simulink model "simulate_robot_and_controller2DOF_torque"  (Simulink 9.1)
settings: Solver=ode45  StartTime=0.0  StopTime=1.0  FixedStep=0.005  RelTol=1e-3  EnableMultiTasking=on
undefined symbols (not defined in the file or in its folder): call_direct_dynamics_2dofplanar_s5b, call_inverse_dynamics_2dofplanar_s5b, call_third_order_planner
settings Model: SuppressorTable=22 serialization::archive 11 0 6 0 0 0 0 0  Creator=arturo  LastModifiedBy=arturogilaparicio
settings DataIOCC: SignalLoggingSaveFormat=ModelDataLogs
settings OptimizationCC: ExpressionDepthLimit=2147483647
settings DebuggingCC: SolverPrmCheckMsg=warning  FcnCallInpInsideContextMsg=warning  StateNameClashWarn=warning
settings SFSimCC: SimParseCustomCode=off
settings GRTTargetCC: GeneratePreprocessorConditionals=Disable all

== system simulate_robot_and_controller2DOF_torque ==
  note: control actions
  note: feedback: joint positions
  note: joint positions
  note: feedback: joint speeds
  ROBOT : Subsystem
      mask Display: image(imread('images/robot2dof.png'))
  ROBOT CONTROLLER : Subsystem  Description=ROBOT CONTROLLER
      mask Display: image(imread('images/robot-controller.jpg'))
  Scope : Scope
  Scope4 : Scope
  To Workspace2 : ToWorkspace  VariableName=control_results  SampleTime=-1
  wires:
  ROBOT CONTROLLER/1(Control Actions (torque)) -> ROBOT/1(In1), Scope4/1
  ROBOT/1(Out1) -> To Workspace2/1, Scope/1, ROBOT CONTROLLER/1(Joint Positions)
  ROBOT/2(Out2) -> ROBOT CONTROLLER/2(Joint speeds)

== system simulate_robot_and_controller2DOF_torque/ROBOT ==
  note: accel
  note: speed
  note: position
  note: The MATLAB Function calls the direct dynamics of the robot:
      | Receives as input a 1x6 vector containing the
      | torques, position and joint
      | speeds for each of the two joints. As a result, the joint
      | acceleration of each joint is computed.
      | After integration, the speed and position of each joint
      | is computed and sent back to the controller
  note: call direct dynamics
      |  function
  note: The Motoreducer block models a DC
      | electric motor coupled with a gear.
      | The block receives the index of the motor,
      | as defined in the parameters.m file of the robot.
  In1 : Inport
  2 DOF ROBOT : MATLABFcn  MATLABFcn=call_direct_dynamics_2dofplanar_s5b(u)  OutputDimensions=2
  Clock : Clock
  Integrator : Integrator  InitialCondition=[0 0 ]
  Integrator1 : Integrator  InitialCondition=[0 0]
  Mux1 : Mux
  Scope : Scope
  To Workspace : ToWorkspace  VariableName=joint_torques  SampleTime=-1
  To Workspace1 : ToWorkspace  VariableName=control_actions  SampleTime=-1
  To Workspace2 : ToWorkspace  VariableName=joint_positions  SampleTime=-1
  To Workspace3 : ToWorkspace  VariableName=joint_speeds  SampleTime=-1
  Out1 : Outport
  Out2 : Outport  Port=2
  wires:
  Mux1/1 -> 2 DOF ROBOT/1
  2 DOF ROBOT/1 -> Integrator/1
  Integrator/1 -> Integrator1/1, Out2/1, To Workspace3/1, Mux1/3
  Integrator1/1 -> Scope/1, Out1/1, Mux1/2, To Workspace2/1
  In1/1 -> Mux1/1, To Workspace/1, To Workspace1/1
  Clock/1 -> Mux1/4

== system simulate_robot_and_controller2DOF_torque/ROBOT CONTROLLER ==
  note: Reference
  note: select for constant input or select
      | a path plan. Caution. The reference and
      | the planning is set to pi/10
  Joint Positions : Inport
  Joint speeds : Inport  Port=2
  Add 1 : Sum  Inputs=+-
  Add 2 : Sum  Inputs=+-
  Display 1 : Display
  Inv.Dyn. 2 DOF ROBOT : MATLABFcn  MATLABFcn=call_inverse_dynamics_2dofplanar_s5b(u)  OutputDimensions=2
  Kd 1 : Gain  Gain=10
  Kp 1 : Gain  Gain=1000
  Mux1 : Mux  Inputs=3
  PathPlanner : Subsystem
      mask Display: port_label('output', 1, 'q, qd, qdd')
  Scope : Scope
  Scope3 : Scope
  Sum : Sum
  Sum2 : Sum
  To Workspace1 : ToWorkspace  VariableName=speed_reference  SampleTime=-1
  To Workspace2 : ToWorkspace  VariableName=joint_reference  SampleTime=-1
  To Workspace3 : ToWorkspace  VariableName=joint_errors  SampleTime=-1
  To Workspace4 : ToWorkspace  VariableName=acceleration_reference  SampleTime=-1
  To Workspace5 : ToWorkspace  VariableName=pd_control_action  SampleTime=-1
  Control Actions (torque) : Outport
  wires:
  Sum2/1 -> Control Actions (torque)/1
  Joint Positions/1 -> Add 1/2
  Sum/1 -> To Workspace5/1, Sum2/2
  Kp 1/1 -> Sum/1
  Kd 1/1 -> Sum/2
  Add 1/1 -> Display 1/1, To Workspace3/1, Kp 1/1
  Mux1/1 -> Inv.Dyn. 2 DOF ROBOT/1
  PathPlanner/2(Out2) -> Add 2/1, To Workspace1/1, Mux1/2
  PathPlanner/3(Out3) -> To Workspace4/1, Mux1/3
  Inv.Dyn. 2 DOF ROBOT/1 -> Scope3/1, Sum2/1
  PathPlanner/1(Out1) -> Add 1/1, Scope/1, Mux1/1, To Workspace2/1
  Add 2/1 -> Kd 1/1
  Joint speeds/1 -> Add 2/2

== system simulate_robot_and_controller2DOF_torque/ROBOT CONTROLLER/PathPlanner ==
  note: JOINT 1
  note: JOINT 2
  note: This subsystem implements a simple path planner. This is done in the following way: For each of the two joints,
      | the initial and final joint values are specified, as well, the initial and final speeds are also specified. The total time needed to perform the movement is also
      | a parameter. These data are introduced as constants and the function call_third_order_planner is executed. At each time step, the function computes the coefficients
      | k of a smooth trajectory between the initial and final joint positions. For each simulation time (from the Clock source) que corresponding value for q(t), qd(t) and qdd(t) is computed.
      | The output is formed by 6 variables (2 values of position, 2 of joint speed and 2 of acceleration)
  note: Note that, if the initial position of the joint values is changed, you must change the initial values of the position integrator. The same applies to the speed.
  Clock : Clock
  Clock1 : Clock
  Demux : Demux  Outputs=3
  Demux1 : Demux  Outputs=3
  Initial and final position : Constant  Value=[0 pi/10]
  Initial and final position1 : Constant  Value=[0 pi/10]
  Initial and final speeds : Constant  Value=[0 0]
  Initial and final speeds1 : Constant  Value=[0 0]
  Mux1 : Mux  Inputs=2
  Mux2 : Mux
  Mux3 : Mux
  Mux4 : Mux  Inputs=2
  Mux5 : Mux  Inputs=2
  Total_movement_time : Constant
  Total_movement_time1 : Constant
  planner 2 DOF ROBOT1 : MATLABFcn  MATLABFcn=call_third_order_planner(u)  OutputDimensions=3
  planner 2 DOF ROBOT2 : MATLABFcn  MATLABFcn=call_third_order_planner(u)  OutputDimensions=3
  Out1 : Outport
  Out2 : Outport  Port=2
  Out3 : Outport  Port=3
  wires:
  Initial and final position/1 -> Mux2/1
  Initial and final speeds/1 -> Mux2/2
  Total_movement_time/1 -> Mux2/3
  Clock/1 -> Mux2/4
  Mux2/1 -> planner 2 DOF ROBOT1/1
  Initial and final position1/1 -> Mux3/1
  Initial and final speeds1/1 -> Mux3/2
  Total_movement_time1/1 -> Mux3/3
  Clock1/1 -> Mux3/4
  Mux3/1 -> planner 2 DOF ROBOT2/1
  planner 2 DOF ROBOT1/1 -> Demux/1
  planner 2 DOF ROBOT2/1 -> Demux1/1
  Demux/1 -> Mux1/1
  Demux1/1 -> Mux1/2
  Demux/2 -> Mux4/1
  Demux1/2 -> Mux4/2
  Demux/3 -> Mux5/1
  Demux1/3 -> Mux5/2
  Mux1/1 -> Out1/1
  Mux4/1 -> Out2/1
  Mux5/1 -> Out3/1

→ TASK
Starting at the line above that contains "Integrator/1 -> Integrator1/1, Out2/1, To", write out each line exactly until the line that contains "Clock/1 -> Mux1/4" has been written, and stop there.

→ SOLUTION
  Integrator/1 -> Integrator1/1, Out2/1, To Workspace3/1, Mux1/3
  Integrator1/1 -> Scope/1, Out1/1, Mux1/2, To Workspace2/1
  In1/1 -> Mux1/1, To Workspace/1, To Workspace1/1
  Clock/1 -> Mux1/4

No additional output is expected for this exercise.